#### [Problem description]
Return every line below as is, leaving out the pictures.

#### [The data]
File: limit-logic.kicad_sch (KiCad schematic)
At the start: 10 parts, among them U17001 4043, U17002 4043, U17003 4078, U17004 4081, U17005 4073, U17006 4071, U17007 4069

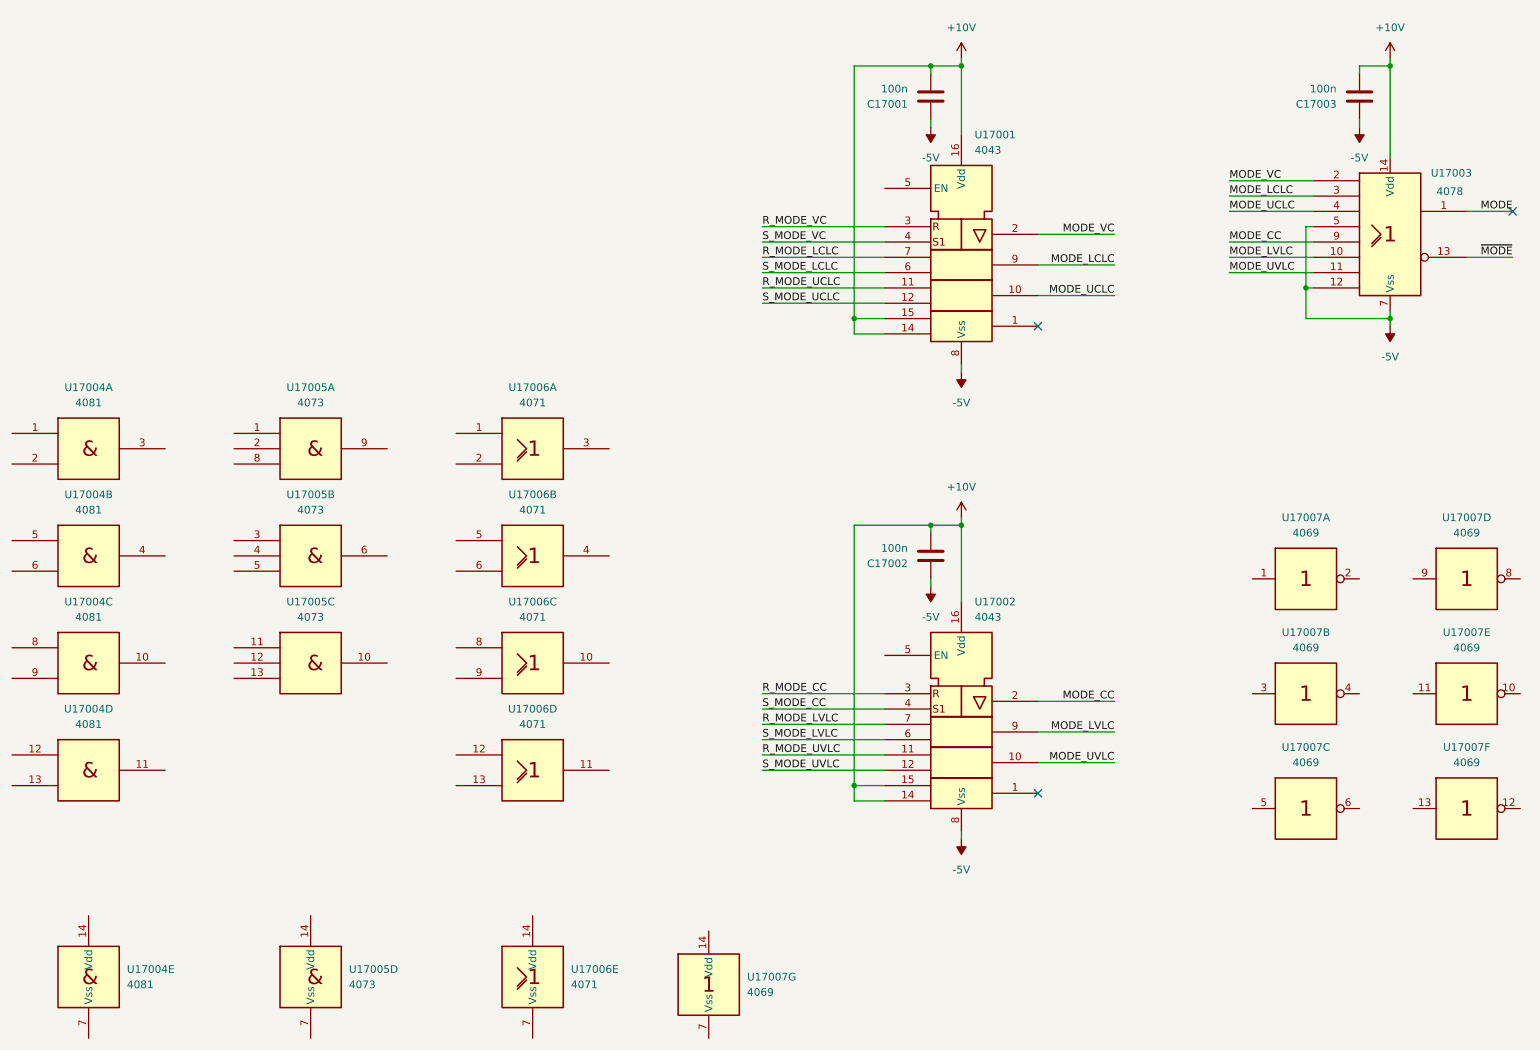
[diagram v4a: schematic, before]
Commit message: refactor schematic hirarchy
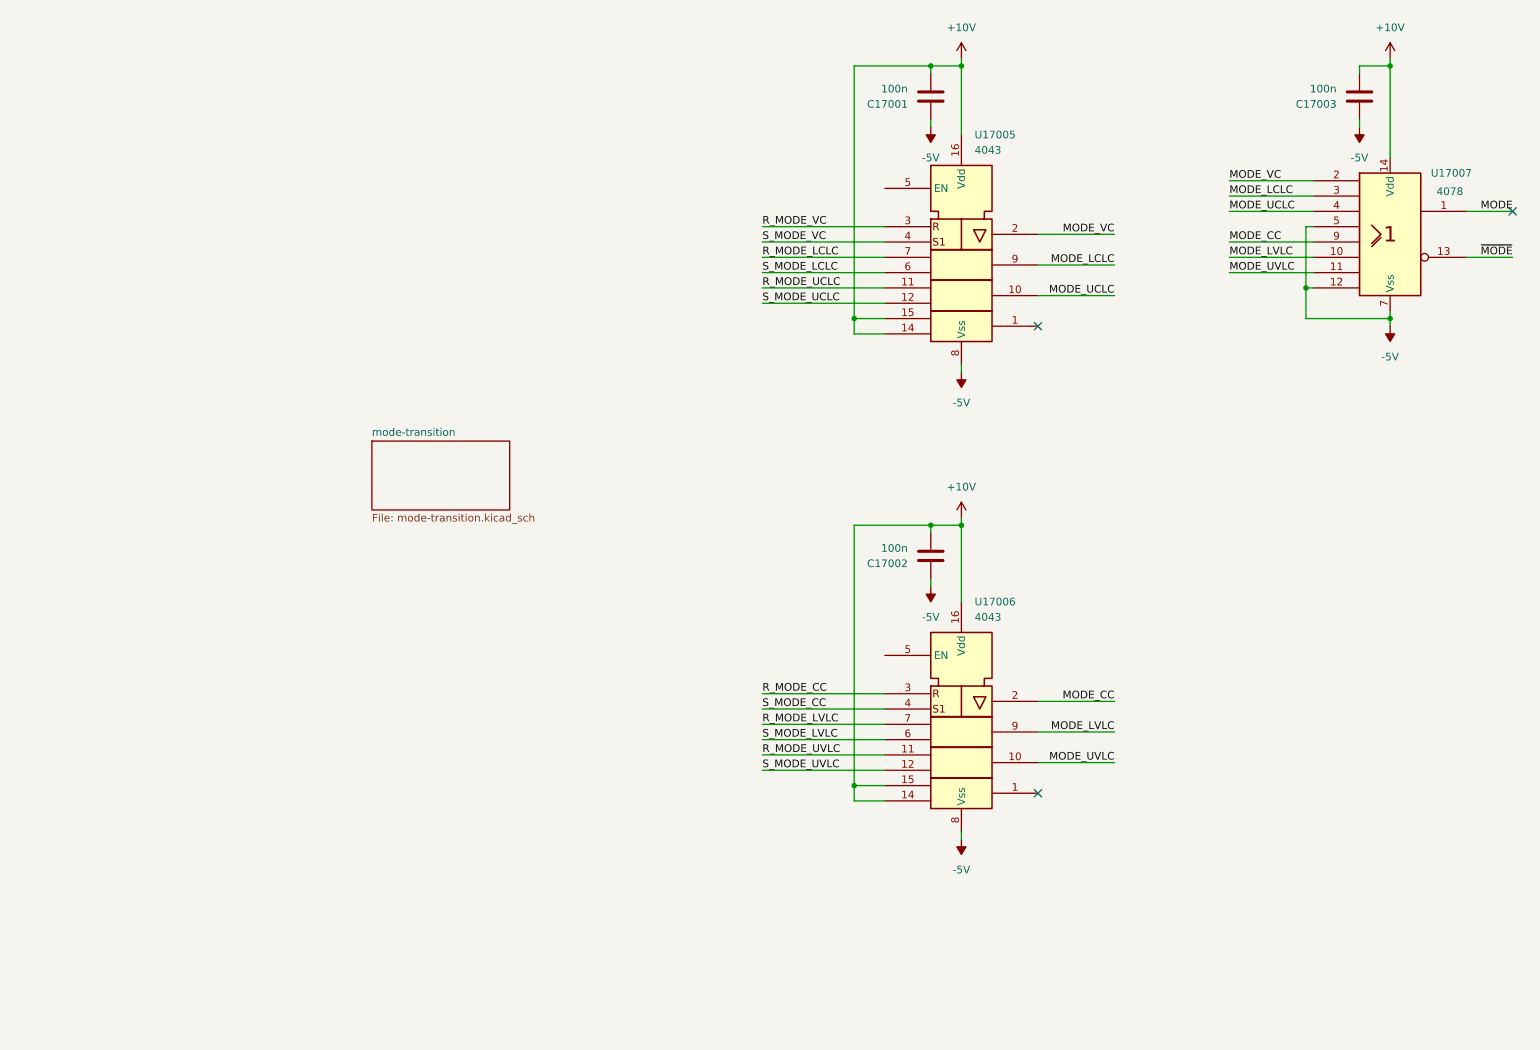
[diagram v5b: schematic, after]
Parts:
- removed U17004: 4081, Package_SO:SOIC-14_3.9x8.7mm_P1.27mm, symbol pss:4081
- removed U17005: 4073, Package_SO:SOIC-14_3.9x8.7mm_P1.27mm, symbol pss:4073
- removed U17006: 4071, Package_SO:SOIC-14_3.9x8.7mm_P1.27mm, symbol pss:4071
- removed U17007: 4069, Package_SO:SOIC-14_3.9x8.7mm_P1.27mm, symbol pss:4069
- renumbered U17001 to U17005, U17002 to U17006, U17003 to U17007
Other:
- added sheet mode-transition (mode-transition.kicad_sch)

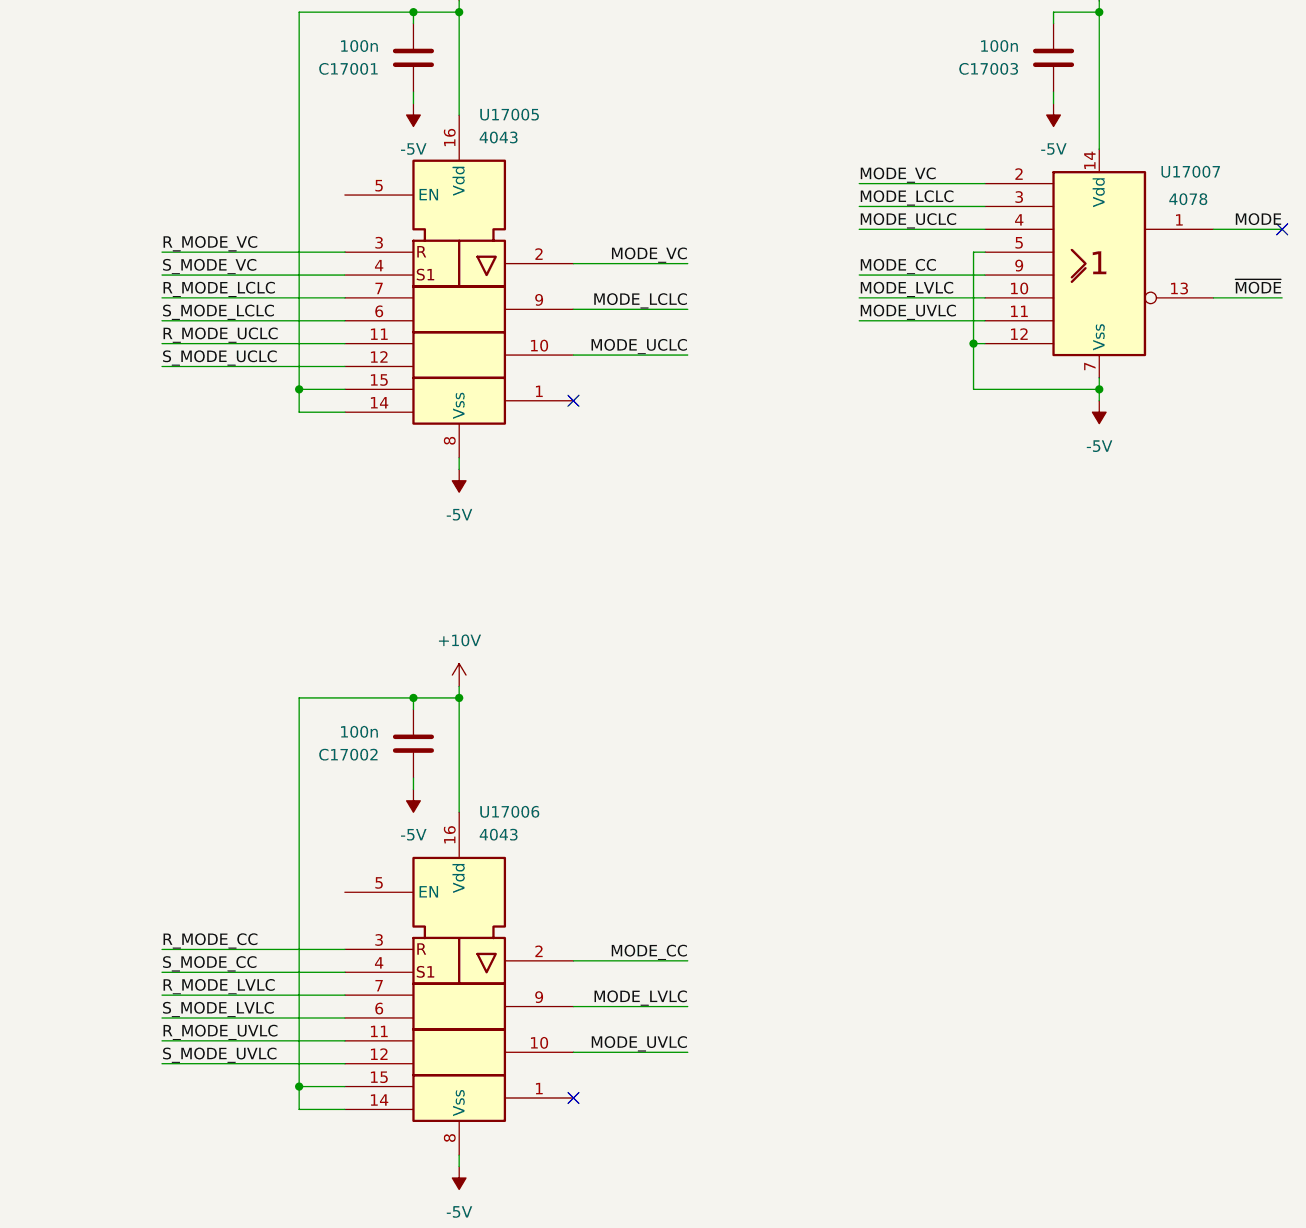
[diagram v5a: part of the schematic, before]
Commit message: add limit-logic mode transition logic
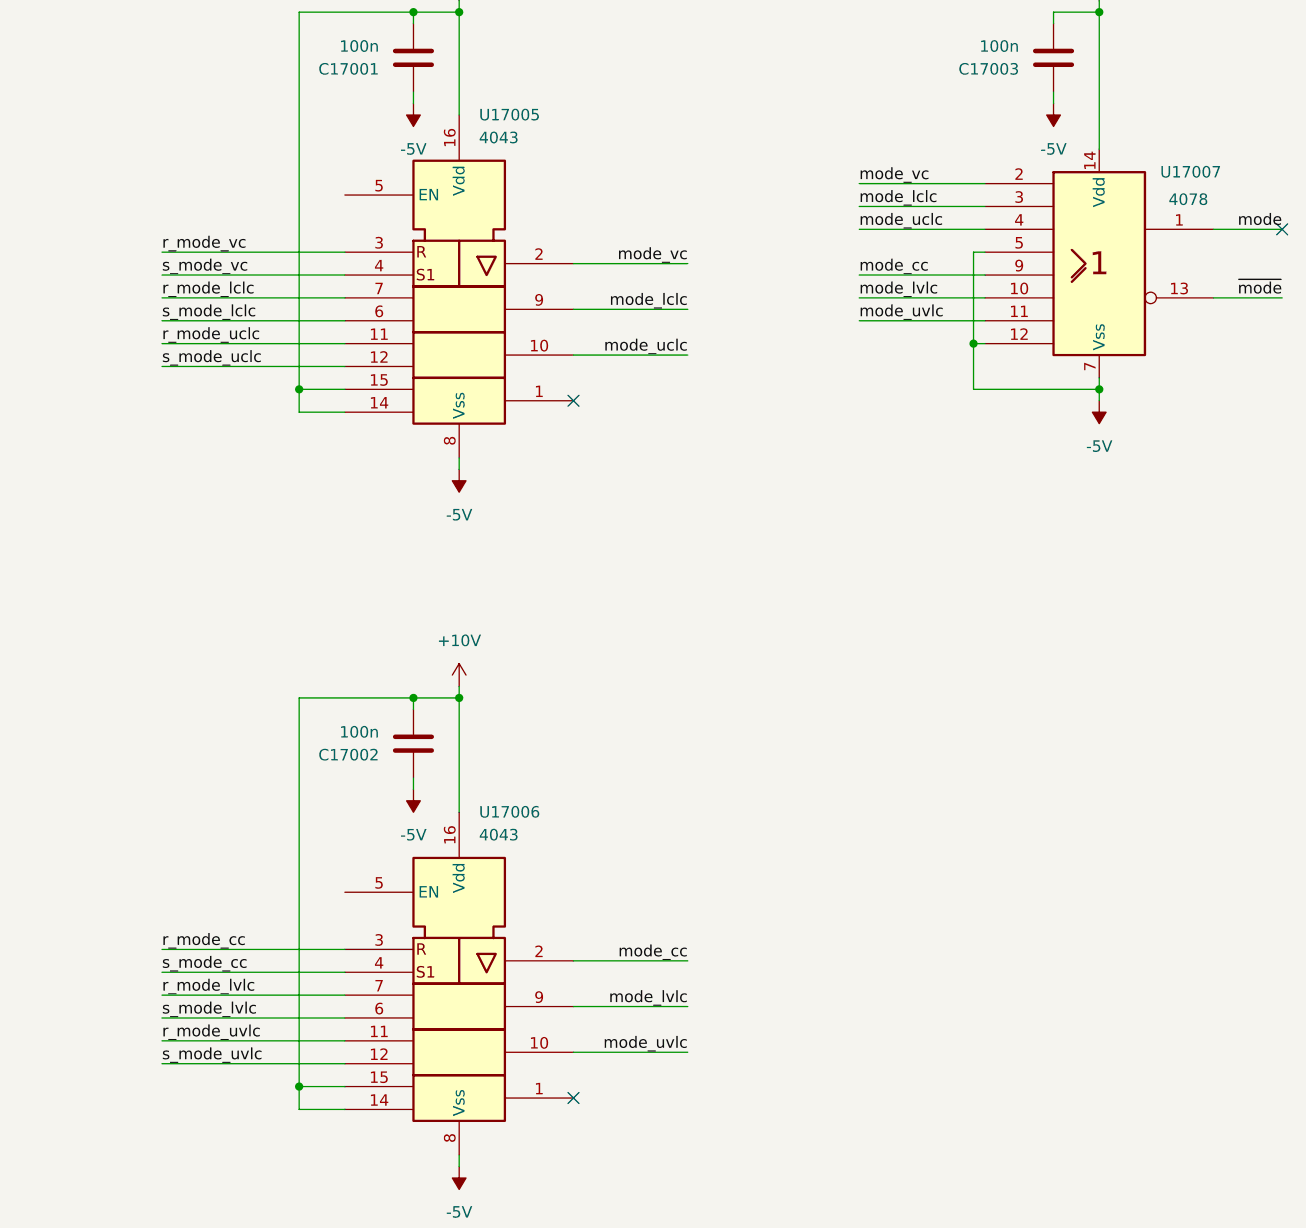
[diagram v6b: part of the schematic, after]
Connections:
- net MODE renamed mode
- net MODE_CC renamed mode_cc
- net MODE_LCLC renamed mode_lclc
- net MODE_LVLC renamed mode_lvlc
- net MODE_UCLC renamed mode_uclc
- net MODE_UVLC renamed mode_uvlc
- net MODE_VC renamed mode_vc
- net R_MODE_CC renamed r_mode_cc
- net R_MODE_LCLC renamed r_mode_lclc
- net R_MODE_LVLC renamed r_mode_lvlc
- net R_MODE_UCLC renamed r_mode_uclc
- net R_MODE_UVLC renamed r_mode_uvlc
- net R_MODE_VC renamed r_mode_vc
- net S_MODE_CC renamed s_mode_cc
- net S_MODE_LCLC renamed s_mode_lclc
- net S_MODE_LVLC renamed s_mode_lvlc
- net S_MODE_UCLC renamed s_mode_uclc
- net S_MODE_UVLC renamed s_mode_uvlc
- net S_MODE_VC renamed s_mode_vc
- net ~{MODE} renamed ~{mode}
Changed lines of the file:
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@@
 		)
 	)
-	(label "MODE_LVLC"
+	(label "mode_lvlc"
 		(at 203.2 137.16 180)
 		(fields_autoplaced yes)
@@
 		)
 	)
-	(label "MODE_LCLC"
+	(label "mode_lclc"
 		(at 203.2 59.69 180)
 		(fields_autoplaced yes)
@@
 		)
 	)
-	(label "R_MODE_CC"
+	(label "r_mode_cc"
 		(at 144.78 130.81 0)
 		(fields_autoplaced yes)
@@
 		)
 	)
-	(label "MODE"
+	(label "mode"
 		(at 269.24 50.8 180)
 		(fields_autoplaced yes)
@@
 		)
 	)
-	(label "MODE_UCLC"
+	(label "mode_uclc"
 		(at 203.2 64.77 180)
 		(fields_autoplaced yes)
@@
 		)
 	)
-	(label "MODE_VC"
+	(label "mode_vc"
 		(at 203.2 54.61 180)
 		(fields_autoplaced yes)
@@
 		)
 	)
-	(label "R_MODE_LCLC"
+	(label "r_mode_lclc"
 		(at 144.78 58.42 0)
 		(fields_autoplaced yes)
@@
 		)
 	)
-	(label "S_MODE_UCLC"
+	(label "s_mode_uclc"
 		(at 144.78 66.04 0)
 		(fields_autoplaced yes)
@@
 		)
 	)
-	(label "R_MODE_VC"
+	(label "r_mode_vc"
 		(at 144.78 53.34 0)
 		(fields_autoplaced yes)
@@
 		)
 	)
-	(label "R_MODE_UCLC"
+	(label "r_mode_uclc"
 		(at 144.78 63.5 0)
 		(fields_autoplaced yes)
@@
 		)
 	)
-	(label "S_MODE_LVLC"
+	(label "s_mode_lvlc"
 		(at 144.78 138.43 0)
 		(fields_autoplaced yes)
@@
 		)
 	)
-	(label "MODE_UVLC"
+	(label "mode_uvlc"
 		(at 222.25 60.96 0)
 		(fields_autoplaced yes)
@@
 		)
 	)
-	(label "S_MODE_LCLC"
+	(label "s_mode_lclc"
 		(at 144.78 60.96 0)
 		(fields_autoplaced yes)
@@
 		)
 	)
-	(label "MODE_UCLC"
+	(label "mode_uclc"
 		(at 222.25 50.8 0)
 		(fields_autoplaced yes)
@@
 		)
 	)
-	(label "~{MODE}"
+	(label "~{mode}"
 		(at 269.24 58.42 180)
 		(fields_autoplaced yes)
@@
 		)
 	)
-	(label "MODE_LCLC"
+	(label "mode_lclc"
 		(at 222.25 48.26 0)
 		(fields_autoplaced yes)
@@
 		)
 	)
-	(label "MODE_UVLC"
+	(label "mode_uvlc"
 		(at 203.2 142.24 180)
 		(fields_autoplaced yes)
@@
 		)
 	)
-	(label "MODE_LVLC"
+	(label "mode_lvlc"
 		(at 222.25 58.42 0)
 		(fields_autoplaced yes)
@@
 		)
 	)
-	(label "MODE_CC"
+	(label "mode_cc"
 		(at 203.2 132.08 180)
 		(fields_autoplaced yes)
@@
 		)
 	)
-	(label "R_MODE_LVLC"
+	(label "r_mode_lvlc"
 		(at 144.78 135.89 0)
 		(fields_autoplaced yes)
@@
 		)
 	)
-	(label "S_MODE_VC"
+	(label "s_mode_vc"
 		(at 144.78 55.88 0)
 		(fields_autoplaced yes)
@@
 		)
 	)
-	(label "S_MODE_CC"
+	(label "s_mode_cc"
 		(at 144.78 133.35 0)
 		(fields_autoplaced yes)
@@
 		)
 	)
-	(label "S_MODE_UVLC"
+	(label "s_mode_uvlc"
 		(at 144.78 143.51 0)
 		(fields_autoplaced yes)
@@
 		)
 	)
-	(label "R_MODE_UVLC"
+	(label "r_mode_uvlc"
 		(at 144.78 140.97 0)
 		(fields_autoplaced yes)
@@
 		)
 	)
-	(label "MODE_CC"
+	(label "mode_cc"
 		(at 222.25 55.88 0)
 		(fields_autoplaced yes)
@@
 		)
 	)
-	(label "MODE_VC"
+	(label "mode_vc"
 		(at 222.25 45.72 0)
 		(fields_autoplaced yes)

#### [Result]
File: limit-logic.kicad_sch (KiCad schematic)
At the start: 10 parts, among them U17001 4043, U17002 4043, U17003 4078, U17004 4081, U17005 4073, U17006 4071, U17007 4069

[diagram v4a: schematic, before]
Commit message: refactor schematic hirarchy
[diagram v5b: schematic, after]
Parts:
- removed U17004: 4081, Package_SO:SOIC-14_3.9x8.7mm_P1.27mm, symbol pss:4081
- removed U17005: 4073, Package_SO:SOIC-14_3.9x8.7mm_P1.27mm, symbol pss:4073
- removed U17006: 4071, Package_SO:SOIC-14_3.9x8.7mm_P1.27mm, symbol pss:4071
- removed U17007: 4069, Package_SO:SOIC-14_3.9x8.7mm_P1.27mm, symbol pss:4069
- renumbered U17001 to U17005, U17002 to U17006, U17003 to U17007
Other:
- added sheet mode-transition (mode-transition.kicad_sch)

[diagram v5a: part of the schematic, before]
Commit message: add limit-logic mode transition logic
[diagram v6b: part of the schematic, after]
Connections:
- net MODE renamed mode
- net MODE_CC renamed mode_cc
- net MODE_LCLC renamed mode_lclc
- net MODE_LVLC renamed mode_lvlc
- net MODE_UCLC renamed mode_uclc
- net MODE_UVLC renamed mode_uvlc
- net MODE_VC renamed mode_vc
- net R_MODE_CC renamed r_mode_cc
- net R_MODE_LCLC renamed r_mode_lclc
- net R_MODE_LVLC renamed r_mode_lvlc
- net R_MODE_UCLC renamed r_mode_uclc
- net R_MODE_UVLC renamed r_mode_uvlc
- net R_MODE_VC renamed r_mode_vc
- net S_MODE_CC renamed s_mode_cc
- net S_MODE_LCLC renamed s_mode_lclc
- net S_MODE_LVLC renamed s_mode_lvlc
- net S_MODE_UCLC renamed s_mode_uclc
- net S_MODE_UVLC renamed s_mode_uvlc
- net S_MODE_VC renamed s_mode_vc
- net ~{MODE} renamed ~{mode}
Changed lines of the file:
@@
 		)
 	)
-	(label "MODE_LVLC"
+	(label "mode_lvlc"
 		(at 203.2 137.16 180)
 		(fields_autoplaced yes)
@@
 		)
 	)
-	(label "MODE_LCLC"
+	(label "mode_lclc"
 		(at 203.2 59.69 180)
 		(fields_autoplaced yes)
@@
 		)
 	)
-	(label "R_MODE_CC"
+	(label "r_mode_cc"
 		(at 144.78 130.81 0)
 		(fields_autoplaced yes)
@@
 		)
 	)
-	(label "MODE"
+	(label "mode"
 		(at 269.24 50.8 180)
 		(fields_autoplaced yes)
@@
 		)
 	)
-	(label "MODE_UCLC"
+	(label "mode_uclc"
 		(at 203.2 64.77 180)
 		(fields_autoplaced yes)
@@
 		)
 	)
-	(label "MODE_VC"
+	(label "mode_vc"
 		(at 203.2 54.61 180)
 		(fields_autoplaced yes)
@@
 		)
 	)
-	(label "R_MODE_LCLC"
+	(label "r_mode_lclc"
 		(at 144.78 58.42 0)
 		(fields_autoplaced yes)
@@
 		)
 	)
-	(label "S_MODE_UCLC"
+	(label "s_mode_uclc"
 		(at 144.78 66.04 0)
 		(fields_autoplaced yes)
@@
 		)
 	)
-	(label "R_MODE_VC"
+	(label "r_mode_vc"
 		(at 144.78 53.34 0)
 		(fields_autoplaced yes)
@@
 		)
 	)
-	(label "R_MODE_UCLC"
+	(label "r_mode_uclc"
 		(at 144.78 63.5 0)
 		(fields_autoplaced yes)
@@
 		)
 	)
-	(label "S_MODE_LVLC"
+	(label "s_mode_lvlc"
 		(at 144.78 138.43 0)
 		(fields_autoplaced yes)
@@
 		)
 	)
-	(label "MODE_UVLC"
+	(label "mode_uvlc"
 		(at 222.25 60.96 0)
 		(fields_autoplaced yes)
@@
 		)
 	)
-	(label "S_MODE_LCLC"
+	(label "s_mode_lclc"
 		(at 144.78 60.96 0)
 		(fields_autoplaced yes)
@@
 		)
 	)
-	(label "MODE_UCLC"
+	(label "mode_uclc"
 		(at 222.25 50.8 0)
 		(fields_autoplaced yes)
@@
 		)
 	)
-	(label "~{MODE}"
+	(label "~{mode}"
 		(at 269.24 58.42 180)
 		(fields_autoplaced yes)
@@
 		)
 	)
-	(label "MODE_LCLC"
+	(label "mode_lclc"
 		(at 222.25 48.26 0)
 		(fields_autoplaced yes)
@@
 		)
 	)
-	(label "MODE_UVLC"
+	(label "mode_uvlc"
 		(at 203.2 142.24 180)
 		(fields_autoplaced yes)
@@
 		)
 	)
-	(label "MODE_LVLC"
+	(label "mode_lvlc"
 		(at 222.25 58.42 0)
 		(fields_autoplaced yes)
@@
 		)
 	)
-	(label "MODE_CC"
+	(label "mode_cc"
 		(at 203.2 132.08 180)
 		(fields_autoplaced yes)
@@
 		)
 	)
-	(label "R_MODE_LVLC"
+	(label "r_mode_lvlc"
 		(at 144.78 135.89 0)
 		(fields_autoplaced yes)
@@
 		)
 	)
-	(label "S_MODE_VC"
+	(label "s_mode_vc"
 		(at 144.78 55.88 0)
 		(fields_autoplaced yes)
@@
 		)
 	)
-	(label "S_MODE_CC"
+	(label "s_mode_cc"
 		(at 144.78 133.35 0)
 		(fields_autoplaced yes)
@@
 		)
 	)
-	(label "S_MODE_UVLC"
+	(label "s_mode_uvlc"
 		(at 144.78 143.51 0)
 		(fields_autoplaced yes)
@@
 		)
 	)
-	(label "R_MODE_UVLC"
+	(label "r_mode_uvlc"
 		(at 144.78 140.97 0)
 		(fields_autoplaced yes)
@@
 		)
 	)
-	(label "MODE_CC"
+	(label "mode_cc"
 		(at 222.25 55.88 0)
 		(fields_autoplaced yes)
@@
 		)
 	)
-	(label "MODE_VC"
+	(label "mode_vc"
 		(at 222.25 45.72 0)
 		(fields_autoplaced yes)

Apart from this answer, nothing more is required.